New Historians, new understandings of the past, and recent critiques of Zionist discourse
Understandably, therefore, when a group of scholars call into question or challenge the narratives of a nation's past that had previously been taken as true, it is perceived as an attack on the values and ideals that were linked to these narratives and legitimated by them. Similarly, when the dominant representations of a nation's culture and society are called into question, this questioning is also taken to be a challenge to the nation's self-definition--along with its collective values and forms of social interaction.
In Israel, this is precisely what happened beginning in the late 1980s and early 1990s. At that time, a small but vocal group of Israeli scholars, historians, and social scientists began to publish a series of books and articles that called into question long-embraced narratives of Israeli's historical past and widely accepted representations of Israeli society. These scholars, who have come to be known as "new historians" and "critical sociologists," were, for the most part, members of a generation born after the founding of the State of Israel in 1948. They had grown to maturity during a period in which Israel ruled over a resisting population now numbering more than one million Arabs.
While the perspective of the older generation had been shaped by the realities of the Holocaust, the ideology of Labor Zionism, and,. the trauma of the 1948 War [of Independence], the new generation of scholars had known a very different set of realities, shaped by the Israeli occupation of the West Bank and Gaza, the Yom Kippur War of 1973, the controversial 1982 invasion of Lebanon, and the Palestinian Intifada that erupted in 1987. Strongly affected by the strength of the emerging Palestinian nationalism, and confronted with the increasingly resistant Palestinian population ruled by Israel since 1967, many Israeli intellectuals and academicians had reached the conclusion that notwithstanding the way in which history had been taught to them, the Israeli-Palestinian conflict stood at the center of Israeli history and the formation of Israeli society.
Reading the writings of this younger generation of scholars, one is struck by the sense of shock and also disillusionment that they felt. In the process of working their way through documents that until the early 1980s had been classified as secret, these scholars quickly recognized that the versions of Israeli history and the descriptions of Israeli society currently in vogue among the majority of scholars were contradicted by new evidence.
One historian, Benny Morris, undertook to examine, village by village, the factors that had contributed to the flight, of 3-4 million Palestinian Arabs in 1948. Most Israeli accounts placed the responsibility for the exodus squarely on the shoulders of the Palestinians and particularly their leaders.
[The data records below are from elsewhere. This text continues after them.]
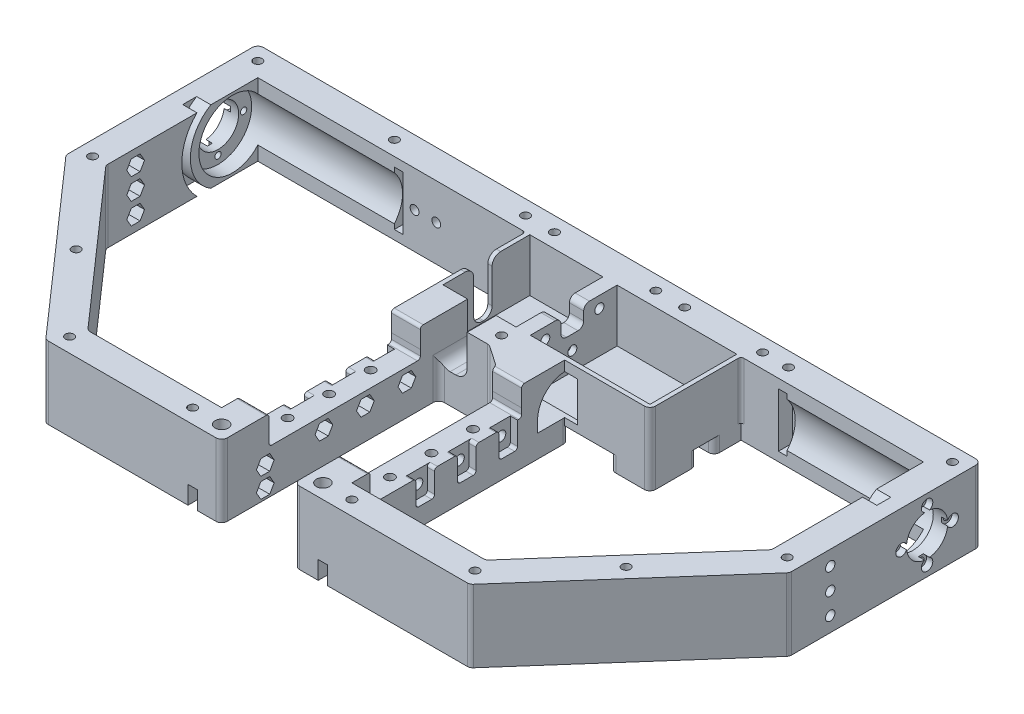
from build123d import *

# Parameters (mm, degrees)
BOSS_EXTRUDE1_DEPTH                     = 25.4
CUT_EXTRUDE1_REACH                      = 200.071
SKETCH3_R                               = 7.25
CUT_EXTRUDE2_DEPTH                      = 5.08
CUT_EXTRUDE3_START                      = -5.08
SKETCH4_R                               = 7.25
CUT_EXTRUDE3_DEPTH                      = 5.08
SKETCH5_R                               = 11.8
CUT_EXTRUDE4_DEPTH                      = 53
CUT_EXTRUDE5_START                      = -53
SKETCH6_R                               = 11.8
CUT_EXTRUDE5_DEPTH                      = 53
SKETCH9_W                               = 3
SKETCH9_H                               = 19
CUT_EXTRUDE8_DEPTH                      = 5
CUT_EXTRUDE9_DEPTH                      = 5
CUT_EXTRUDE10_START                     = -5
CUT_EXTRUDE10_DEPTH                     = 5
CBORE_FOR_M3_SBHCS1_D                   = 2.2
CBORE_FOR_M3_SBHCS1_DEPTH               = 5.08
CBORE_FOR_M3_SBHCS1_CBORE_D             = 4
CBORE_FOR_M3_SBHCS1_CBORE_DEPTH         = 2.2
CBORE_FOR_M3_SBHCS1_TIP                 = 0.660946681
CBORE_FOR_M3_SBHCS2_D                   = 2.2
CBORE_FOR_M3_SBHCS2_DEPTH               = 5.08
CBORE_FOR_M3_SBHCS2_CBORE_D             = 4
CBORE_FOR_M3_SBHCS2_CBORE_DEPTH         = 2.2
CBORE_FOR_M3_SBHCS2_TIP                 = 0.660946681
SKETCH17_W                              = 3.3
SKETCH17_H                              = 6.35
CUT_EXTRUDE11_DEPTH                     = 20.32
SKETCH19_W                              = 3.3
SKETCH19_H                              = 6.35
CUT_EXTRUDE12_DEPTH                     = 20.32
SKETCH20_W                              = 10.16
SKETCH20_H                              = 7.65
CUT_EXTRUDE13_DEPTH                     = 1.65
SKETCH21_W                              = 10.16
SKETCH21_H                              = 7.65
CUT_EXTRUDE14_DEPTH                     = 1.65
SKETCH22_R                              = 1.65
CUT_EXTRUDE15_DEPTH                     = 8.51
CUT_EXTRUDE16_START                     = -8.51
SKETCH23_R                              = 1.65
CUT_EXTRUDE16_DEPTH                     = 8.51
CUT_EXTRUDE17_DEPTH                     = 4.1
CUT_EXTRUDE18_DEPTH                     = 4.1
SKETCH26_R                              = 1.65
CUT_EXTRUDE19_DEPTH                     = 10.16
CUT_EXTRUDE20_START                     = -10.16
SKETCH27_R                              = 1.65
CUT_EXTRUDE20_DEPTH                     = 10.16
CUT_EXTRUDE21_DEPTH                     = 4.1
CUT_EXTRUDE22_DEPTH                     = 4.1
SKETCH30_W                              = 5
SKETCH30_H                              = 20
BOSS_EXTRUDE2_DEPTH                     = 30.479681711
CBORE_FOR_M3_SBHCS3_D                   = 3.2
CBORE_FOR_M3_SBHCS3_DEPTH               = 5
CBORE_FOR_M3_SBHCS3_CBORE_D             = 6
CBORE_FOR_M3_SBHCS3_CBORE_DEPTH         = 0.5
CBORE_FOR_M3_SBHCS3_TIP                 = 0.96137699
CBORE_FOR_M3_SBHCS4_D                   = 3.2
CBORE_FOR_M3_SBHCS4_DEPTH               = 5
CBORE_FOR_M3_SBHCS4_CBORE_D             = 6
CBORE_FOR_M3_SBHCS4_CBORE_DEPTH         = 3
CBORE_FOR_M3_SBHCS4_TIP                 = 0.96137699
SKETCH35_W                              = 8
SKETCH35_H                              = 7
CUT_EXTRUDE23_DEPTH                     = 5
FILLET1_R                               = 2
SKETCH36_W                              = 30.479681711
SKETCH36_H                              = 1.5
BOSS_EXTRUDE3_DEPTH                     = 27.16
SKETCH37_W                              = 1.5
SKETCH37_H                              = 30.479681711
BOSS_EXTRUDE4_DEPTH                     = 18.5
SKETCH38_W                              = 6.5
SKETCH38_H                              = 18
CUT_EXTRUDE24_DEPTH                     = 1.5
FILLET2_R                               = 3
SKETCH39_W                              = 30.479681711
SKETCH39_H                              = 1.5
BOSS_EXTRUDE5_DEPTH                     = 43.5
SKETCH40_W                              = 1.5
SKETCH40_H                              = 30.479681711
BOSS_EXTRUDE9_DEPTH                     = 18.5
SKETCH41_W                              = 29.940168914
SKETCH41_H                              = 1.5
BOSS_EXTRUDE7_DEPTH                     = 20
SKETCH42_W                              = 5
SKETCH42_H                              = 5
BOSS_EXTRUDE8_DEPTH                     = 5.4
SKETCH44_W                              = 18
SKETCH44_H                              = 14
CUT_EXTRUDE25_DEPTH                     = 11
F_1_0MM_DOWEL_HOLE1_D                   = 4.6
F_1_0MM_DOWEL_HOLE1_DEPTH               = 25.4
F_1_0MM_DOWEL_HOLE1_TIP                 = 1.381979424
F_1_0MM_DOWEL_HOLE2_D                   = 3.2
F_1_0MM_DOWEL_HOLE2_DEPTH               = 15.4
F_1_0MM_DOWEL_HOLE2_TIP                 = 0.96137699
SKETCH49_W                              = 10
SKETCH49_H                              = 15
CUT_EXTRUDE26_DEPTH                     = 10.16
FILLET4_R                               = 4
F_3_0MM_DOWEL_HOLE1_D                   = 3
F_3_0MM_DOWEL_HOLE1_DEPTH               = 25.4
F_3_0MM_DOWEL_HOLE1_TIP                 = 0.901290929
CBORE_FOR_M8_HEX_HEAD_BOLT1_D           = 3.1
CBORE_FOR_M8_HEX_HEAD_BOLT1_DEPTH       = 10.16
CBORE_FOR_M8_HEX_HEAD_BOLT1_CBORE_D     = 6
CBORE_FOR_M8_HEX_HEAD_BOLT1_CBORE_DEPTH = 5
CBORE_FOR_M8_HEX_HEAD_BOLT1_TIP         = 0.931333959
CUT_EXTRUDE27_DEPTH                     = 2.54
CUT_EXTRUDE28_START                     = -2.54
CUT_EXTRUDE28_DEPTH                     = 2.54
F_3_0MM_DOWEL_HOLE3_D                   = 3.4
F_3_0MM_DOWEL_HOLE3_DEPTH               = 7.62
F_3_0MM_DOWEL_HOLE3_TIP                 = 1.021463052
F_3_0MM_DOWEL_HOLE4_D                   = 3.4
F_3_0MM_DOWEL_HOLE4_DEPTH               = 7.62
F_3_0MM_DOWEL_HOLE4_TIP                 = 1.021463052
FILLET5_R                               = 1
FILLET6_R                               = 1
CUT_EXTRUDE29_DEPTH                     = 4.1
CUT_EXTRUDE30_DEPTH                     = 4.1
FILLET7_R                               = 1
SKETCH63_W                              = 75.66
SKETCH63_H                              = 9.479681711
BOSS_EXTRUDE10_DEPTH                    = 5.4
FILLET8_R                               = 2
FILLET9_R                               = 10


with BuildPart() as part:
    # Sketch1 → Boss-Extrude1 (new body)
    with BuildSketch(Plane(origin=(0, 0, 0), x_dir=(1, 0, 0), z_dir=(0, 1, 0))):
        Polygon((127, 0), (-127, 0), (-127, -67.34), (-74.439915543, -126.999681711), (-12.699915543, -126.999681711), (-12.699915543, -50.799681711), (5.082704288, -50.799681711), (12.699915543, -56.051038982), (12.699915543, -126.999681711), (74.439915543, -126.999681711), (127, -67.34), align=None)
        Polygon((-116.84, -10.16), (-116.84, -63.502882235), (-69.85036471, -116.839681711), (-22.859915543, -116.839681711), (-22.859915543, -40.639681711), (22.859915543, -40.639681711), (22.859915543, -116.839681711), (69.85036471, -116.839681711), (116.84, -63.502882235), (116.84, -10.16), align=None, mode=Mode.SUBTRACT)
    extrude(amount=BOSS_EXTRUDE1_DEPTH)

    # Cut-Extrude1: up to this face of the body (flat: up to its plane)
    cut_extrude1_end = Plane(part.part.faces().sort_by_distance((22.859915543, 12.7, 78.739681711))[0])
    # Sketch2 → Cut-Extrude1 (cut, up to the picked face)
    with BuildSketch(Plane.ZY.offset(22.859915543), mode=Mode.PRIVATE) as cut_extrude1_sk1:
        Polygon((57.248685399, 15.4), (110.390678023, 15.4), (110.393379129, 18.4), (110.393379129, 25.4), (57.245984293, 25.4), (57.245984293, 18.4), align=None)
    cut_extrude1_tool1 = split(extrude(cut_extrude1_sk1.sketch, amount=-CUT_EXTRUDE1_REACH, mode=Mode.PRIVATE), bisect_by=cut_extrude1_end, keep=Keep.BOTH, mode=Mode.PRIVATE)
    add(cut_extrude1_tool1.solids().sort_by(Axis((-22.859916, 20.400061, 83.819682), (1, 0, 0)))[0], mode=Mode.SUBTRACT)

    # Sketch3 → Cut-Extrude2 (cut)
    with BuildSketch(Plane(origin=(127, 0, 0), x_dir=(0, 0, -1), z_dir=(1, 0, 0))):
        with Locations((-19.05, 12.7)):
            Circle(SKETCH3_R)
    extrude(amount=-CUT_EXTRUDE2_DEPTH, mode=Mode.SUBTRACT)

    # Sketch4 → Cut-Extrude3 (cut)
    with BuildSketch(Plane.ZY.offset(127).offset(CUT_EXTRUDE3_START)):
        with Locations(Location((19.05, 12.7, 0), (0, 0, 180))):
            Circle(SKETCH4_R)
    extrude(amount=CUT_EXTRUDE3_DEPTH, mode=Mode.SUBTRACT)

    # Sketch5 → Cut-Extrude4 (cut)
    with BuildSketch(Plane(origin=(121.92, 0, 0), x_dir=(0, 0, -1), z_dir=(1, 0, 0))):
        with Locations((-19.05, 12.7)):
            Circle(SKETCH5_R)
    extrude(amount=-CUT_EXTRUDE4_DEPTH, mode=Mode.SUBTRACT)

    # Sketch6 → Cut-Extrude5 (cut)
    with BuildSketch(Plane.ZY.offset(121.92).offset(CUT_EXTRUDE5_START)):
        with Locations(Location((19.05, 12.7, 0), (0, 0, 180))):
            Circle(SKETCH6_R)
    extrude(amount=CUT_EXTRUDE5_DEPTH, mode=Mode.SUBTRACT)

    # Sketch9 → Cut-Extrude8 (cut)
    with BuildSketch(Plane.XY.offset(10.16)):
        with Locations((-67.42, 12.7)):
            Rectangle(SKETCH9_W, SKETCH9_H)
        with Locations((67.42, 12.7)):
            Rectangle(SKETCH9_W, SKETCH9_H)
    extrude(amount=-CUT_EXTRUDE8_DEPTH, mode=Mode.SUBTRACT)

    # Sketch10 → Cut-Extrude9 (cut)
    with BuildSketch(Plane.ZY.offset(-116.84)):
        with BuildLine():
            Line((31.52196857, 0), (26.649342077, 0))
            ThreePointArc((26.649342077, 0), (33.85, 12.7), (26.649342077, 25.4))
            Line((26.649342077, 25.4), (31.52196857, 25.4))
            ThreePointArc((31.52196857, 25.4), (36.85, 12.7), (31.52196857, 0))
        make_face()
    extrude(amount=-CUT_EXTRUDE9_DEPTH, mode=Mode.SUBTRACT)

    # Sketch11 → Cut-Extrude10 (cut)
    with BuildSketch(Plane(origin=(-116.84, 0, 0), x_dir=(0, 0, -1), z_dir=(1, 0, 0)).offset(CUT_EXTRUDE10_START)):
        with BuildLine():
            Line((-31.52196857, 0), (-26.649342077, 0))
            ThreePointArc((-26.649342077, 0), (-33.85, 12.7), (-26.649342077, 25.4))
            Line((-26.649342077, 25.4), (-31.52196857, 25.4))
            ThreePointArc((-31.52196857, 25.4), (-36.85, 12.7), (-31.52196857, 0))
        make_face()
    extrude(amount=CUT_EXTRUDE10_DEPTH, mode=Mode.SUBTRACT)

    # CBORE for M3 SBHCS1
    with Locations(Plane(origin=(127, 12.7, 28.05), x_dir=(0, 0, 1), z_dir=(1, 0, 0))):
        with Locations((0, 0), (-9, -9), (-18, 0), (-9, 9)):
            CounterBoreHole(CBORE_FOR_M3_SBHCS1_D / 2, CBORE_FOR_M3_SBHCS1_CBORE_D / 2, CBORE_FOR_M3_SBHCS1_CBORE_DEPTH, depth=CBORE_FOR_M3_SBHCS1_DEPTH)
            with Locations((0, 0, -(CBORE_FOR_M3_SBHCS1_DEPTH + CBORE_FOR_M3_SBHCS1_TIP / 2))):  # 118° drill point
                Cone(0, CBORE_FOR_M3_SBHCS1_D / 2, CBORE_FOR_M3_SBHCS1_TIP, mode=Mode.SUBTRACT)

    # CBORE for M3 SBHCS2
    with Locations(Plane(origin=(-127, 12.7, 28.05), x_dir=(0, 0, -1), z_dir=(-1, 0, 0))):
        with Locations((0, 0), (9, -9), (18, 0), (9, 9)):
            CounterBoreHole(CBORE_FOR_M3_SBHCS2_D / 2, CBORE_FOR_M3_SBHCS2_CBORE_D / 2, CBORE_FOR_M3_SBHCS2_CBORE_DEPTH, depth=CBORE_FOR_M3_SBHCS2_DEPTH)
            with Locations((0, 0, -(CBORE_FOR_M3_SBHCS2_DEPTH + CBORE_FOR_M3_SBHCS2_TIP / 2))):  # 118° drill point
                Cone(0, CBORE_FOR_M3_SBHCS2_D / 2, CBORE_FOR_M3_SBHCS2_TIP, mode=Mode.SUBTRACT)

    # Sketch17 → Cut-Extrude11 (cut)
    with BuildSketch(Plane.XY.offset(126.999681711)):
        with Locations((22.859915543, 3.175)):
            Rectangle(SKETCH17_W, SKETCH17_H)
    extrude(amount=-CUT_EXTRUDE11_DEPTH, mode=Mode.SUBTRACT)

    # Sketch19 → Cut-Extrude12 (cut)
    with BuildSketch(Plane.XY.offset(126.999681711)):
        with Locations((-22.859915543, 3.175)):
            Rectangle(SKETCH19_W, SKETCH19_H)
    extrude(amount=-CUT_EXTRUDE12_DEPTH, mode=Mode.SUBTRACT)

    # Sketch20 → Cut-Extrude13 (cut)
    with BuildSketch(Plane(origin=(22.859915543, 0, 0), x_dir=(0, 0, -1), z_dir=(1, 0, 0))):
        with Locations((-111.759681711, 10.175)):
            Rectangle(SKETCH20_W, SKETCH20_H)
    extrude(amount=-CUT_EXTRUDE13_DEPTH, mode=Mode.SUBTRACT)

    # Sketch21 → Cut-Extrude14 (cut)
    with BuildSketch(Plane.ZY.offset(22.859915543)):
        with Locations((111.759681711, 10.175)):
            Rectangle(SKETCH21_W, SKETCH21_H)
    extrude(amount=-CUT_EXTRUDE14_DEPTH, mode=Mode.SUBTRACT)

    # Sketch22 → Cut-Extrude15 (cut)
    with BuildSketch(Plane(origin=(21.209915543, 0, 0), x_dir=(0, 0, -1), z_dir=(1, 0, 0))):
        with Locations((-111.679681711, 3.5)):
            Circle(SKETCH22_R)
        with Locations((-111.679681711, 10.5)):
            Circle(SKETCH22_R)
    extrude(amount=-CUT_EXTRUDE15_DEPTH, mode=Mode.SUBTRACT)

    # Sketch23 → Cut-Extrude16 (cut)
    with BuildSketch(Plane.ZY.offset(21.209915543).offset(CUT_EXTRUDE16_START)):
        with Locations(Location((111.679681711, 3.5, 0), (0, 0, 180))):
            Circle(SKETCH23_R)
        with Locations(Location((111.679681711, 10.5, 0), (0, 0, 180))):
            Circle(SKETCH23_R)
    extrude(amount=CUT_EXTRUDE16_DEPTH, mode=Mode.SUBTRACT)

    # Sketch24 → Cut-Extrude17 (cut)
    with BuildSketch(Plane.ZY.offset(-12.699915543)):
        Polygon((114.797373165, 10.5), (113.238527438, 13.2), (110.120835984, 13.2), (108.561990258, 10.5), (110.120835984, 7.8), (113.238527438, 7.8), align=None)
        Polygon((114.797373165, 3.5), (113.238527438, 6.2), (110.120835984, 6.2), (108.561990258, 3.5), (110.120835984, 0.8), (113.238527438, 0.8), align=None)
    extrude(amount=-CUT_EXTRUDE17_DEPTH, mode=Mode.SUBTRACT)

    # Sketch25 → Cut-Extrude18 (cut)
    with BuildSketch(Plane(origin=(-12.699915543, 0, 0), x_dir=(0, 0, -1), z_dir=(1, 0, 0))):
        Polygon((-108.561990258, 10.5), (-110.120835984, 13.2), (-113.238527438, 13.2), (-114.797373165, 10.5), (-113.238527438, 7.8), (-110.120835984, 7.8), align=None)
        Polygon((-108.561990258, 3.5), (-110.120835984, 6.2), (-113.238527438, 6.2), (-114.797373165, 3.5), (-113.238527438, 0.8), (-110.120835984, 0.8), align=None)
    extrude(amount=-CUT_EXTRUDE18_DEPTH, mode=Mode.SUBTRACT)

    # Sketch26 → Cut-Extrude19 (cut)
    with BuildSketch(Plane(origin=(127, 0, 0), x_dir=(0, 0, -1), z_dir=(1, 0, 0))):
        with Locations((-53.05, 20.2)):
            Circle(SKETCH26_R)
        with Locations((-53.05, 12.7)):
            Circle(SKETCH26_R)
        with Locations((-53.05, 5.2)):
            Circle(SKETCH26_R)
    extrude(amount=-CUT_EXTRUDE19_DEPTH, mode=Mode.SUBTRACT)

    # Sketch27 → Cut-Extrude20 (cut)
    with BuildSketch(Plane.ZY.offset(127).offset(CUT_EXTRUDE20_START)):
        with Locations(Location((53.05, 20.2, 0), (0, 0, 180))):
            Circle(SKETCH27_R)
        with Locations(Location((53.05, 12.7, 0), (0, 0, 180))):
            Circle(SKETCH27_R)
        with Locations(Location((53.05, 5.2, 0), (0, 0, 180))):
            Circle(SKETCH27_R)
    extrude(amount=CUT_EXTRUDE20_DEPTH, mode=Mode.SUBTRACT)

    # Sketch28 → Cut-Extrude21 (cut)
    with BuildSketch(Plane.ZY.offset(-116.84)):
        Polygon((56.167691454, 20.2), (54.608845727, 22.9), (51.491154273, 22.9), (49.932308546, 20.2), (51.491154273, 17.5), (54.608845727, 17.5), align=None)
        Polygon((51.491154273, 15.4), (49.932308546, 12.7), (51.491154273, 10), (54.608845727, 10), (56.167691454, 12.7), (54.608845727, 15.4), align=None)
        Polygon((51.491154273, 7.9), (49.932308546, 5.2), (51.491154273, 2.5), (54.608845727, 2.5), (56.167691454, 5.2), (54.608845727, 7.9), align=None)
    extrude(amount=-CUT_EXTRUDE21_DEPTH, mode=Mode.SUBTRACT)

    # Sketch29 → Cut-Extrude22 (cut)
    with BuildSketch(Plane(origin=(-116.84, 0, 0), x_dir=(0, 0, -1), z_dir=(1, 0, 0))):
        Polygon((-49.932308546, 20.2), (-51.491154273, 22.9), (-54.608845727, 22.9), (-56.167691454, 20.2), (-54.608845727, 17.5), (-51.491154273, 17.5), align=None)
        Polygon((-56.167691454, 12.7), (-54.608845727, 10), (-51.491154273, 10), (-49.932308546, 12.7), (-51.491154273, 15.4), (-54.608845727, 15.4), align=None)
        Polygon((-56.167691454, 5.2), (-54.608845727, 2.5), (-51.491154273, 2.5), (-49.932308546, 5.2), (-51.491154273, 7.9), (-54.608845727, 7.9), align=None)
    extrude(amount=-CUT_EXTRUDE22_DEPTH, mode=Mode.SUBTRACT)

    # Sketch30 → Boss-Extrude2 (add)
    with BuildSketch(Plane(origin=(0, 0, 40.639681711), x_dir=(-1, 0, 0), z_dir=(0, 0, -1))):
        with Locations((-6.800084457, 15.4)):
            Rectangle(SKETCH30_W, SKETCH30_H)
    extrude(amount=BOSS_EXTRUDE2_DEPTH)

    # CBORE for M3 SBHCS3
    with Locations(Plane(origin=(4.300084457, 21.4, 35.399681711), x_dir=(0, -1, 0), z_dir=(-1, 0, 0))):
        with Locations((0, 0), (0, -19)):
            CounterBoreHole(CBORE_FOR_M3_SBHCS3_D / 2, CBORE_FOR_M3_SBHCS3_CBORE_D / 2, CBORE_FOR_M3_SBHCS3_CBORE_DEPTH, depth=CBORE_FOR_M3_SBHCS3_DEPTH)
            with Locations((0, 0, -(CBORE_FOR_M3_SBHCS3_DEPTH + CBORE_FOR_M3_SBHCS3_TIP / 2))):  # 118° drill point
                Cone(0, CBORE_FOR_M3_SBHCS3_D / 2, CBORE_FOR_M3_SBHCS3_TIP, mode=Mode.SUBTRACT)

    # CBORE for M3 SBHCS4
    with Locations(Plane(origin=(4.300084457, 13.4, 25.899681711), x_dir=(0, -1, 0), z_dir=(-1, 0, 0))):
        with Locations((0, 0)):
            CounterBoreHole(CBORE_FOR_M3_SBHCS4_D / 2, CBORE_FOR_M3_SBHCS4_CBORE_D / 2, CBORE_FOR_M3_SBHCS4_CBORE_DEPTH, depth=CBORE_FOR_M3_SBHCS4_DEPTH)
            with Locations((0, 0, -(CBORE_FOR_M3_SBHCS4_DEPTH + CBORE_FOR_M3_SBHCS4_TIP / 2))):  # 118° drill point
                Cone(0, CBORE_FOR_M3_SBHCS4_D / 2, CBORE_FOR_M3_SBHCS4_TIP, mode=Mode.SUBTRACT)

    # Sketch35 → Cut-Extrude23 (cut)
    with BuildSketch(Plane.ZY.offset(-4.300084457)):
        with Locations((25.899840856, 21.9)):
            Rectangle(SKETCH35_W, SKETCH35_H)
    extrude(amount=-CUT_EXTRUDE23_DEPTH, mode=Mode.SUBTRACT)

    # Fillet1
    fillet1_edges = [part.edges().sort_by_distance(p)[0] for p in [
        (6.800084457, 25.4, 21.899840856),
        (6.800084457, 25.4, 29.899840856),
        (6.800084457, 18.4, 29.899840856),
        (6.800084457, 18.4, 21.899840856),
    ]]
    fillet(fillet1_edges, radius=FILLET1_R)

    # Sketch36 → Boss-Extrude3 (add)
    with BuildSketch(Plane.ZY.offset(-4.300084457)):
        with Locations((25.399840856, 6.15)):
            Rectangle(SKETCH36_W, SKETCH36_H)
    extrude(amount=BOSS_EXTRUDE3_DEPTH)

    # Sketch37 → Boss-Extrude4 (add)
    with BuildSketch(Plane(origin=(0, 6.9, 0), x_dir=(1, 0, 0), z_dir=(0, 1, 0))):
        with Locations((-22.109915543, -25.399840856)):
            Rectangle(SKETCH37_W, SKETCH37_H)
    extrude(amount=BOSS_EXTRUDE4_DEPTH)

    # Sketch38 → Cut-Extrude24 (cut)
    with BuildSketch(Plane.ZY.offset(22.859915543)):
        with Locations((26.639681711, 16.4)):
            Rectangle(SKETCH38_W, SKETCH38_H)
    extrude(amount=-CUT_EXTRUDE24_DEPTH, mode=Mode.SUBTRACT)

    # Fillet2
    fillet2_edges = [part.edges().sort_by_distance(p)[0] for p in [
        (-22.109915543, 25.4, 23.389681711),
        (-22.109915543, 25.4, 29.889681711),
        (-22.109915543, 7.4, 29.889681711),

Such a view had become conventional wisdom among Israelis and was taught to generation after generation of students. In The Birth of the Palestinian Refugee Problem, Morris set forth a detailed, nuanced, multi-causal account of the exodus in which the factors responsible for the exodus varied according to the place and the conditions. What so outraged many of Morris's readers was his conclusion that deliberate expulsions by Israeli military forces and outrageous acts of mass violence by unofficial Israeli military units had contributed to the Arab exodus in a significant way.